= Exercise brief =
Reproduce the data below line by line, from its first line to the line with "libraries: simulink x1", both included, and nothing past that point.
• • • • • • •
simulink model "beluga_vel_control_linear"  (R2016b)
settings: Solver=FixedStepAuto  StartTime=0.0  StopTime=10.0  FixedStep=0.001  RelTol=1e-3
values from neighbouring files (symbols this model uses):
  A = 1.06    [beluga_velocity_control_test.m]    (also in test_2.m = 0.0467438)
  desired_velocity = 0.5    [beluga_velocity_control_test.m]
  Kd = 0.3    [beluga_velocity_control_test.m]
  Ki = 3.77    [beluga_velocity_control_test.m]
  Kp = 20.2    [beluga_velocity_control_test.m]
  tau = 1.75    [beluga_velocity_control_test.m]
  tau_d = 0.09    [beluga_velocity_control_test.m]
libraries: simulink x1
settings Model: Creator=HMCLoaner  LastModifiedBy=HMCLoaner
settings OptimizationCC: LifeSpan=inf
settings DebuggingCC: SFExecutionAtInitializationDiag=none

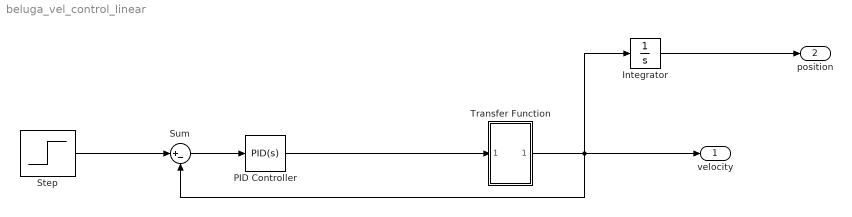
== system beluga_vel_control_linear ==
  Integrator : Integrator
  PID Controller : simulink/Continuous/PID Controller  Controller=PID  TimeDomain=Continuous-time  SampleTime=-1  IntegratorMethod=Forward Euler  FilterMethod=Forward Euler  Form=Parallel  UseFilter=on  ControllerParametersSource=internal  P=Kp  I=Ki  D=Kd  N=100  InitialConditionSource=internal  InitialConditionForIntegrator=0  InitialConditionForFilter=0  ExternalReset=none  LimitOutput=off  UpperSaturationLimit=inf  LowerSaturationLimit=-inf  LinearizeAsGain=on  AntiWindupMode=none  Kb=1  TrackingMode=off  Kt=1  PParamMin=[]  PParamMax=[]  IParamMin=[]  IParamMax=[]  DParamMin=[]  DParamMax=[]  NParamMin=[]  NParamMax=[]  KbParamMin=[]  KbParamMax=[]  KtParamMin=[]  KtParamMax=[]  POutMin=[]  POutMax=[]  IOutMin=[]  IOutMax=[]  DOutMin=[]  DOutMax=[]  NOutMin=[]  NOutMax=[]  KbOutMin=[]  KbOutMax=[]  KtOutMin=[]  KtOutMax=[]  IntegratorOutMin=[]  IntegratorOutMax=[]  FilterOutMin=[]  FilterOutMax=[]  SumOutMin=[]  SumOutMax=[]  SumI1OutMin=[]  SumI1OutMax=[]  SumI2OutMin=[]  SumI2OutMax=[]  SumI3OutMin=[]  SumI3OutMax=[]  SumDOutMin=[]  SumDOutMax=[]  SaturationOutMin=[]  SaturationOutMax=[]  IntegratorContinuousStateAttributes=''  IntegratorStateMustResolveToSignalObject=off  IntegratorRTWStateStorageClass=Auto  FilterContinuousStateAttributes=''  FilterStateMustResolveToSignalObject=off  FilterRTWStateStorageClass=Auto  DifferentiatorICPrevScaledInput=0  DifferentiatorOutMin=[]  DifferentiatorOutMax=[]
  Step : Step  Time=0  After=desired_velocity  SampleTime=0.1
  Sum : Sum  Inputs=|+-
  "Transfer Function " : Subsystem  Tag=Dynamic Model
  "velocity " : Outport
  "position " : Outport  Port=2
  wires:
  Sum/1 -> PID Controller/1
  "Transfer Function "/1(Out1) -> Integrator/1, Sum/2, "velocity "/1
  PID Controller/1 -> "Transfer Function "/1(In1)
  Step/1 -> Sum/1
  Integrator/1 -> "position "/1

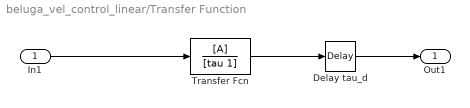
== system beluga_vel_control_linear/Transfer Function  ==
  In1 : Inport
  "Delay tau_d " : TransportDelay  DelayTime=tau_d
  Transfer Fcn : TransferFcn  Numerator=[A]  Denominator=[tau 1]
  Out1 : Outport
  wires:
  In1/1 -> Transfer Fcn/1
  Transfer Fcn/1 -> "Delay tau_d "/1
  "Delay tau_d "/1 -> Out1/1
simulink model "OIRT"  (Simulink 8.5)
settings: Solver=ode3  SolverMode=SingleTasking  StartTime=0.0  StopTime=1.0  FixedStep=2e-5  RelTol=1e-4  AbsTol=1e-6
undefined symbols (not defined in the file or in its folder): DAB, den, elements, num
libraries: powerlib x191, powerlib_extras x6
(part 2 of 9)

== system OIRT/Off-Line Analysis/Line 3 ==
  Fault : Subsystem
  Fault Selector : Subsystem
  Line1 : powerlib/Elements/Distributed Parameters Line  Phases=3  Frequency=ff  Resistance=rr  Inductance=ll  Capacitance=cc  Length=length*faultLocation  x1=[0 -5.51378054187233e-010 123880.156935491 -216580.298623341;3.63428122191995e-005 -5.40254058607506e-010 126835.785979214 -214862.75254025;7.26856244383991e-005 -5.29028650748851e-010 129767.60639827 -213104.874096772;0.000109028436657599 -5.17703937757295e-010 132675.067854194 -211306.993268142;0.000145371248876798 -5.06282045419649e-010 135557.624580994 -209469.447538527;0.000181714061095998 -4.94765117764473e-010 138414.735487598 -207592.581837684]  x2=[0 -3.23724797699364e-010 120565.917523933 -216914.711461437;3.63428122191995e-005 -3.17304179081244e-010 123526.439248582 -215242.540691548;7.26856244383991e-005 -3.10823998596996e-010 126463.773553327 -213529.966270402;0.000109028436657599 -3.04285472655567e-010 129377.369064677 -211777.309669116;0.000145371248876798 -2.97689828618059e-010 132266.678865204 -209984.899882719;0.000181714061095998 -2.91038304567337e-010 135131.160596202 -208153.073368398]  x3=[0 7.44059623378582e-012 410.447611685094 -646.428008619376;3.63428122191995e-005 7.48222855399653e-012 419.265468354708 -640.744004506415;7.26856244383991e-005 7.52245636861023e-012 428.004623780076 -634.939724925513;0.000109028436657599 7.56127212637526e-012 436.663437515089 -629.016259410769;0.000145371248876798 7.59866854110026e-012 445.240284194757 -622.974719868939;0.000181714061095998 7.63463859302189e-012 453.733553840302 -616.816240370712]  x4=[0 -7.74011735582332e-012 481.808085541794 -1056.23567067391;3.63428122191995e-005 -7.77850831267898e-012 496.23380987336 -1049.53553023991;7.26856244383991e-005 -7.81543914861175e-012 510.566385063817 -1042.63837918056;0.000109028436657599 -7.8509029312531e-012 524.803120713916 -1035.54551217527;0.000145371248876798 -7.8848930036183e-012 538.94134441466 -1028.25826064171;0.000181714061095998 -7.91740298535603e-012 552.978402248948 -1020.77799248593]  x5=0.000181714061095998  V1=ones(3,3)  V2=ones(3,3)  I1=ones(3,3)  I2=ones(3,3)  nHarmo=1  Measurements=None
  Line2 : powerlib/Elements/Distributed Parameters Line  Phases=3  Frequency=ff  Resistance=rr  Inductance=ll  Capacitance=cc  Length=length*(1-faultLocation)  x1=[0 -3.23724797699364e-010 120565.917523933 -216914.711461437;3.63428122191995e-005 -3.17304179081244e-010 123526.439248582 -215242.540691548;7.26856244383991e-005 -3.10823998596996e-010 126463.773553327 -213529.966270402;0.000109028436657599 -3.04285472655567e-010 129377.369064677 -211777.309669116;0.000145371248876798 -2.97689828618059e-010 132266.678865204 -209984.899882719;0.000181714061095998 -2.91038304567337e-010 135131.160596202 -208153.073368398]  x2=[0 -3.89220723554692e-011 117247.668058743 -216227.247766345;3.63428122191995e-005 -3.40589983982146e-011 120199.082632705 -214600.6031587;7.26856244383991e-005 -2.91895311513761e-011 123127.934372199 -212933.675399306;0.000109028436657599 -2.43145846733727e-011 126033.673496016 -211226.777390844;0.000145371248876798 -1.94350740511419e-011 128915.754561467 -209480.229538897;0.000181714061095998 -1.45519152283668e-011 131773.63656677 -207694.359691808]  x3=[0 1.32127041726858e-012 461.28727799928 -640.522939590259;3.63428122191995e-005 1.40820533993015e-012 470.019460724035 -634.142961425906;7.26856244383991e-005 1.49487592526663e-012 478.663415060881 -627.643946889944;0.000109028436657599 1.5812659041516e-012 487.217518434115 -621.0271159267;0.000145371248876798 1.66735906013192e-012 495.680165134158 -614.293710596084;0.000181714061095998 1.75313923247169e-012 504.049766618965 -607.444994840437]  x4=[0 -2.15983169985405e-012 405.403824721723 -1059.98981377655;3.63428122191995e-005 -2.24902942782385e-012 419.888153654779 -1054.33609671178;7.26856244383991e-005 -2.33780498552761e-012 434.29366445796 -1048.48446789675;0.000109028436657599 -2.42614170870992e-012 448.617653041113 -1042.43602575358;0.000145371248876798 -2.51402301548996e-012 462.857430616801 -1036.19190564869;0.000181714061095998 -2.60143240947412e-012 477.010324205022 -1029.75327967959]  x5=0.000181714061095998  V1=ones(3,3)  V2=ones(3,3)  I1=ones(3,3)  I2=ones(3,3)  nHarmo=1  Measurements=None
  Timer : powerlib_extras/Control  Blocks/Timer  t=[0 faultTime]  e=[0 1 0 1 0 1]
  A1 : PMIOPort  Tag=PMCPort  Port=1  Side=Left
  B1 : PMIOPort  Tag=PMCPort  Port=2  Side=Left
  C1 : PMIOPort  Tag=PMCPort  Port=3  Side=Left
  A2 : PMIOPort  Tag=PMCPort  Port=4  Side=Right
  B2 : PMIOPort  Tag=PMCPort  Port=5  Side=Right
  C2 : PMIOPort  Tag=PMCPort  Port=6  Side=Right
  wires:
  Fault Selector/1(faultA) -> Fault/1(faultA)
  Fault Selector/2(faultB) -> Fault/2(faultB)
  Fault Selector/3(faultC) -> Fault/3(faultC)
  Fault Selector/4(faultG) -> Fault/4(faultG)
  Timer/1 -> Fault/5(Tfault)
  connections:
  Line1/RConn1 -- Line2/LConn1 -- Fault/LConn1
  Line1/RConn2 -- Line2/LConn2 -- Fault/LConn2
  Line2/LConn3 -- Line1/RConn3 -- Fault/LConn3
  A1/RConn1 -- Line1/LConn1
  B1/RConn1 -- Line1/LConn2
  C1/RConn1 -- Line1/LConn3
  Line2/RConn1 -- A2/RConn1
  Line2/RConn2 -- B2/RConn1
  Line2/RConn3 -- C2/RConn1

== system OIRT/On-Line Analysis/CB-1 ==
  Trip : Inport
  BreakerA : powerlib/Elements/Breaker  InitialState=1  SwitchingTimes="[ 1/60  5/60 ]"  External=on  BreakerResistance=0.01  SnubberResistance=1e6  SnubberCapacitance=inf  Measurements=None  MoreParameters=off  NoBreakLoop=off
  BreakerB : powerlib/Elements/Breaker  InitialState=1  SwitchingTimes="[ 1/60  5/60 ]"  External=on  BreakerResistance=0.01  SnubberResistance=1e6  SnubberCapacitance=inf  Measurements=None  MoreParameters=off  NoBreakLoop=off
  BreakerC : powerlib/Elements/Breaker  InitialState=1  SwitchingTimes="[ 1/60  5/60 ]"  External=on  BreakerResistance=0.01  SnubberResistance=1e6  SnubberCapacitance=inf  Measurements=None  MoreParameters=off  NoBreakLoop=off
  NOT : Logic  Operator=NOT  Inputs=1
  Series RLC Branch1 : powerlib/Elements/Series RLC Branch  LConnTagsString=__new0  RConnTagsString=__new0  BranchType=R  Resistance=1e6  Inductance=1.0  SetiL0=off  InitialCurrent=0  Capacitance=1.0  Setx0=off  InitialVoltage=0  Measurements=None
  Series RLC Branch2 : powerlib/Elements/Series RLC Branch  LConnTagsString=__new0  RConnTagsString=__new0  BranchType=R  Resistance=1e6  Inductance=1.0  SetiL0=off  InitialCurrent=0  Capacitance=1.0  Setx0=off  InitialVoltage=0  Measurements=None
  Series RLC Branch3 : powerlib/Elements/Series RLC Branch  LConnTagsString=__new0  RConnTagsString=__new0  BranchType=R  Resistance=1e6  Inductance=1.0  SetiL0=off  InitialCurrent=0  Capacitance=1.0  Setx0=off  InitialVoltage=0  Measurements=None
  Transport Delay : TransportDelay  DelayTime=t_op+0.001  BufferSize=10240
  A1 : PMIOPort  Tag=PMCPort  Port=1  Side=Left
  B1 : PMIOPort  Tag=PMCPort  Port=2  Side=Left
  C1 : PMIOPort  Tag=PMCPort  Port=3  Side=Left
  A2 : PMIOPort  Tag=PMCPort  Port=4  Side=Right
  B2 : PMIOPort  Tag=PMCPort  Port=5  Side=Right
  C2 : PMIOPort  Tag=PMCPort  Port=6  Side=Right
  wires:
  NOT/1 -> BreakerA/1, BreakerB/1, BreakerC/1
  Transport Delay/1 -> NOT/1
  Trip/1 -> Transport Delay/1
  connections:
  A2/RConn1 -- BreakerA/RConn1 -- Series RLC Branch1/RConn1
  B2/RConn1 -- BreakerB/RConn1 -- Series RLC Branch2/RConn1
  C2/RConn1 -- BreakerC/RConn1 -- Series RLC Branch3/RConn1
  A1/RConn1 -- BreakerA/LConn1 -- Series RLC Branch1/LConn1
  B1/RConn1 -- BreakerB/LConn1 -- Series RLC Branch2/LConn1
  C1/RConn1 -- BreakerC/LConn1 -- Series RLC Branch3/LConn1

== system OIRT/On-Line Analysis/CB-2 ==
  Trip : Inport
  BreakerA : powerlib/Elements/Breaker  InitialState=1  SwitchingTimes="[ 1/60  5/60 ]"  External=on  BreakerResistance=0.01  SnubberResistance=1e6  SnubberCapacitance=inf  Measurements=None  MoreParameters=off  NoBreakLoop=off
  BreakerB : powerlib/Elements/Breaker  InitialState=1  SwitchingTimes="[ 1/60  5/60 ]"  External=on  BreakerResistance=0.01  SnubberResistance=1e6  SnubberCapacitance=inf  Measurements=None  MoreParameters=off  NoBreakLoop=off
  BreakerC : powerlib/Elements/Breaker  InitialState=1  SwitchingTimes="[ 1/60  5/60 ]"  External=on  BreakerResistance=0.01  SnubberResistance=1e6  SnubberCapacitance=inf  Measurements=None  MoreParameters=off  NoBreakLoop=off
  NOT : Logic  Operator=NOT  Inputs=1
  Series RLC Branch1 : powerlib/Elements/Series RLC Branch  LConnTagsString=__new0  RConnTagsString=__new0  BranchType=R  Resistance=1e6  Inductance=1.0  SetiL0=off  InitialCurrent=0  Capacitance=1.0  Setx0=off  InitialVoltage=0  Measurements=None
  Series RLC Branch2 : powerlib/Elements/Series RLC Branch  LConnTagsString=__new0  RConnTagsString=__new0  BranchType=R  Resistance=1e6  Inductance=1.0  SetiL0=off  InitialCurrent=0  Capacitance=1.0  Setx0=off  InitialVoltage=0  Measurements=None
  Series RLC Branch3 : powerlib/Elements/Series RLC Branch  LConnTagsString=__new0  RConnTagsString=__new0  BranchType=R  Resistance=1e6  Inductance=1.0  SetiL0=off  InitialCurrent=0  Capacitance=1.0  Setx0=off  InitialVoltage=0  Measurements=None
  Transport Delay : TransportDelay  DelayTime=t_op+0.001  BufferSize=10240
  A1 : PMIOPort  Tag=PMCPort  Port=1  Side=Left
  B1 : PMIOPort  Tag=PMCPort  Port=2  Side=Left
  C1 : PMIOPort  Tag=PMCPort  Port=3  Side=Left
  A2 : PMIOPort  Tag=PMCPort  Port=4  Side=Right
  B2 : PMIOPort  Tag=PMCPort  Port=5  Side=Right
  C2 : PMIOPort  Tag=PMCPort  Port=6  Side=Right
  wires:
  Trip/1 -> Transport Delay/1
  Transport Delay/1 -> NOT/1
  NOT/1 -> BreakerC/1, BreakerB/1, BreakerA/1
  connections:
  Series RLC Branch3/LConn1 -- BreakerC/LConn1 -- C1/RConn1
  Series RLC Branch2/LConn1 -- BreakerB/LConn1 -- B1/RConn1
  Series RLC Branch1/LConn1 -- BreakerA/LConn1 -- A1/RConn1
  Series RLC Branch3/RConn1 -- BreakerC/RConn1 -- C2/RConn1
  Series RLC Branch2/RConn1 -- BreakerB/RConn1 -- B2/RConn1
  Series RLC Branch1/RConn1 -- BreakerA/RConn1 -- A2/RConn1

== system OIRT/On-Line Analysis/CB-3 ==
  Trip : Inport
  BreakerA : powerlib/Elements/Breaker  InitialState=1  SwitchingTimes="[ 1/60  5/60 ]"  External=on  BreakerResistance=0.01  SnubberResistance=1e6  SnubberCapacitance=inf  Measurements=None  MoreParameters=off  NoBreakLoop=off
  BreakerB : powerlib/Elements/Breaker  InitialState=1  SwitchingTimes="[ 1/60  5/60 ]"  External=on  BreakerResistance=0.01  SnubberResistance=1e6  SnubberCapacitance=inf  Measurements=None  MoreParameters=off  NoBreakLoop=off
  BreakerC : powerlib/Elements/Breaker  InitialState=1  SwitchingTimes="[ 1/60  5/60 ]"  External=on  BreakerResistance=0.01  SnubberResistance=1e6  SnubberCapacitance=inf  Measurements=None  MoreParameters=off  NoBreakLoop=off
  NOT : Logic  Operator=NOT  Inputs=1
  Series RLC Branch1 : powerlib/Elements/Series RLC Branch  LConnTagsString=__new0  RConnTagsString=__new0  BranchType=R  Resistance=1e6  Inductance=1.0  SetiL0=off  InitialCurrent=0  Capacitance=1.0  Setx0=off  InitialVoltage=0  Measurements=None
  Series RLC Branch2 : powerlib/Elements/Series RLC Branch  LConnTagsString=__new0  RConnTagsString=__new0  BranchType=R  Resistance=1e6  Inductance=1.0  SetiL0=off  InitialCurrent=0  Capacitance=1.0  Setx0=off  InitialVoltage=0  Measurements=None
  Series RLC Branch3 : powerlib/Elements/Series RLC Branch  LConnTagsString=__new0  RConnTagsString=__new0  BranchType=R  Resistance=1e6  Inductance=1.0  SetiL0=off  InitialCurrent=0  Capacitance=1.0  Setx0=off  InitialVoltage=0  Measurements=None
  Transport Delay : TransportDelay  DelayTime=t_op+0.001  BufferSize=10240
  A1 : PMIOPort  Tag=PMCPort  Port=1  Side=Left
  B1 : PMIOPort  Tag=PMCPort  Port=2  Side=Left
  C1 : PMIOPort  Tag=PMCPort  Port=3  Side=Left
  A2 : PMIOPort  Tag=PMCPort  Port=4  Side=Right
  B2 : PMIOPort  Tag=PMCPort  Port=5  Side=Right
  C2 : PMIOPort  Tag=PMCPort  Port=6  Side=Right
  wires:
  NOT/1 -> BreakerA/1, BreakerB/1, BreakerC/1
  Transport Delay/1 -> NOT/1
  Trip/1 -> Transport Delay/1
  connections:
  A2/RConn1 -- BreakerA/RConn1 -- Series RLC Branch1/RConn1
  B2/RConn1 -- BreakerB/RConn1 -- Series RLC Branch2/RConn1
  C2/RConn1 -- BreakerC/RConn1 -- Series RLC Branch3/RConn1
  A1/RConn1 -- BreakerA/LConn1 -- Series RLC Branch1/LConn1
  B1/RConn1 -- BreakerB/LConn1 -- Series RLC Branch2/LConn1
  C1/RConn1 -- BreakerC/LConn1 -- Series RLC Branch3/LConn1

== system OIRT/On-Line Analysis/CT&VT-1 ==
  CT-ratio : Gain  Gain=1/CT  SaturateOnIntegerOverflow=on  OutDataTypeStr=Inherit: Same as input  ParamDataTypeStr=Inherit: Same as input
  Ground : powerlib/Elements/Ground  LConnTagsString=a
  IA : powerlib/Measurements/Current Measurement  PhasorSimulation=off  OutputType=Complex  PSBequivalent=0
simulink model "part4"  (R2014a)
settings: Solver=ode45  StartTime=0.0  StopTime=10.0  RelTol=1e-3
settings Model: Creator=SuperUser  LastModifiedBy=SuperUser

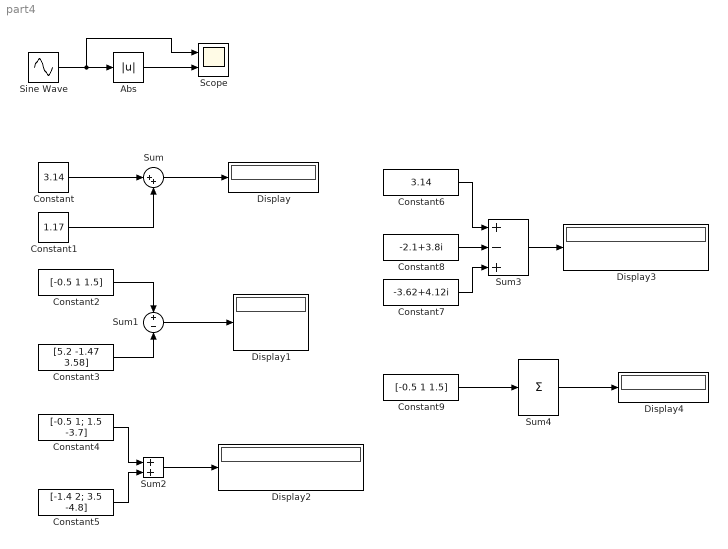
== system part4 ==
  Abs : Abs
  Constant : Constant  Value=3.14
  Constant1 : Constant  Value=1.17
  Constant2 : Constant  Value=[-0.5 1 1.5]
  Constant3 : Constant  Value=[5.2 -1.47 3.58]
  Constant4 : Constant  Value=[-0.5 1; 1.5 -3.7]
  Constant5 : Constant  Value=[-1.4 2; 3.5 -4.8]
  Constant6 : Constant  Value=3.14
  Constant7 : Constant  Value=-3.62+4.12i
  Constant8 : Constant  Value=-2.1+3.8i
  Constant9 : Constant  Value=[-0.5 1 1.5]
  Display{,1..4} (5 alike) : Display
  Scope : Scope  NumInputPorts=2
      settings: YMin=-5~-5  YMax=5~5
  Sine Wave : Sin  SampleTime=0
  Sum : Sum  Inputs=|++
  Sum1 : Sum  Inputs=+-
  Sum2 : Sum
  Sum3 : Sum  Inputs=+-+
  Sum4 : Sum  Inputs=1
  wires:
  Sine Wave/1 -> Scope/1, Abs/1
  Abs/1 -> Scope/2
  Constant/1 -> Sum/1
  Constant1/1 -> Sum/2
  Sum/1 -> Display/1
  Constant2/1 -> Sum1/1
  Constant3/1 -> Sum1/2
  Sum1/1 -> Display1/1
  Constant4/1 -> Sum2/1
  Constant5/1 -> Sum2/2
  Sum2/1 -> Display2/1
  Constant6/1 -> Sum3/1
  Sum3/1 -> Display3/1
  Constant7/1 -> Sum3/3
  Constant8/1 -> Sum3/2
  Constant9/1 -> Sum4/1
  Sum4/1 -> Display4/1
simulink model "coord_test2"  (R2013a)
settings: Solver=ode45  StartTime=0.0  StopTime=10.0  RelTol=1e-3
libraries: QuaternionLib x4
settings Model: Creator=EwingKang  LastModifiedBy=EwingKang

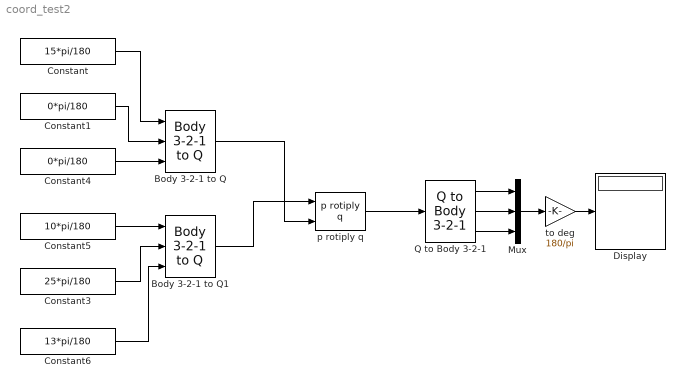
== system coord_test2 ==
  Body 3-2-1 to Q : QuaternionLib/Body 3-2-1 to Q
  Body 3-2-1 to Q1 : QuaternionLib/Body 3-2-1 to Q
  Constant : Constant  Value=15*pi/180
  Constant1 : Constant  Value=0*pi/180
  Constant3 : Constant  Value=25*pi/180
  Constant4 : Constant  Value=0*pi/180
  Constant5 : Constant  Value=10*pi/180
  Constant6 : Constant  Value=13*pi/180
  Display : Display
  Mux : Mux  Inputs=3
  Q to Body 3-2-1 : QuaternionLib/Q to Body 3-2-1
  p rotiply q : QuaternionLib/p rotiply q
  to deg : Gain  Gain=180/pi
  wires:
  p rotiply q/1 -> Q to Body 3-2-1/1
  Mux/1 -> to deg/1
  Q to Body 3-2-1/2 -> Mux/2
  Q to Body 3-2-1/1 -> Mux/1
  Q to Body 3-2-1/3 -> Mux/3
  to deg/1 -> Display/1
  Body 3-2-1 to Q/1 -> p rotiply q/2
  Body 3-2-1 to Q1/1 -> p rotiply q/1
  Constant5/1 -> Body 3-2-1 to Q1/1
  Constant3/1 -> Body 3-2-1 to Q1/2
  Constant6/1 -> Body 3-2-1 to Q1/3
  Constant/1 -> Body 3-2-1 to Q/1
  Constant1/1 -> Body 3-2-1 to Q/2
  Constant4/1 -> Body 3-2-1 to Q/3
• • • • • • •
= Output =
simulink model "beluga_vel_control_linear"  (R2016b)
settings: Solver=FixedStepAuto  StartTime=0.0  StopTime=10.0  FixedStep=0.001  RelTol=1e-3
values from neighbouring files (symbols this model uses):
  A = 1.06    [beluga_velocity_control_test.m]    (also in test_2.m = 0.0467438)
  desired_velocity = 0.5    [beluga_velocity_control_test.m]
  Kd = 0.3    [beluga_velocity_control_test.m]
  Ki = 3.77    [beluga_velocity_control_test.m]
  Kp = 20.2    [beluga_velocity_control_test.m]
  tau = 1.75    [beluga_velocity_control_test.m]
  tau_d = 0.09    [beluga_velocity_control_test.m]
libraries: simulink x1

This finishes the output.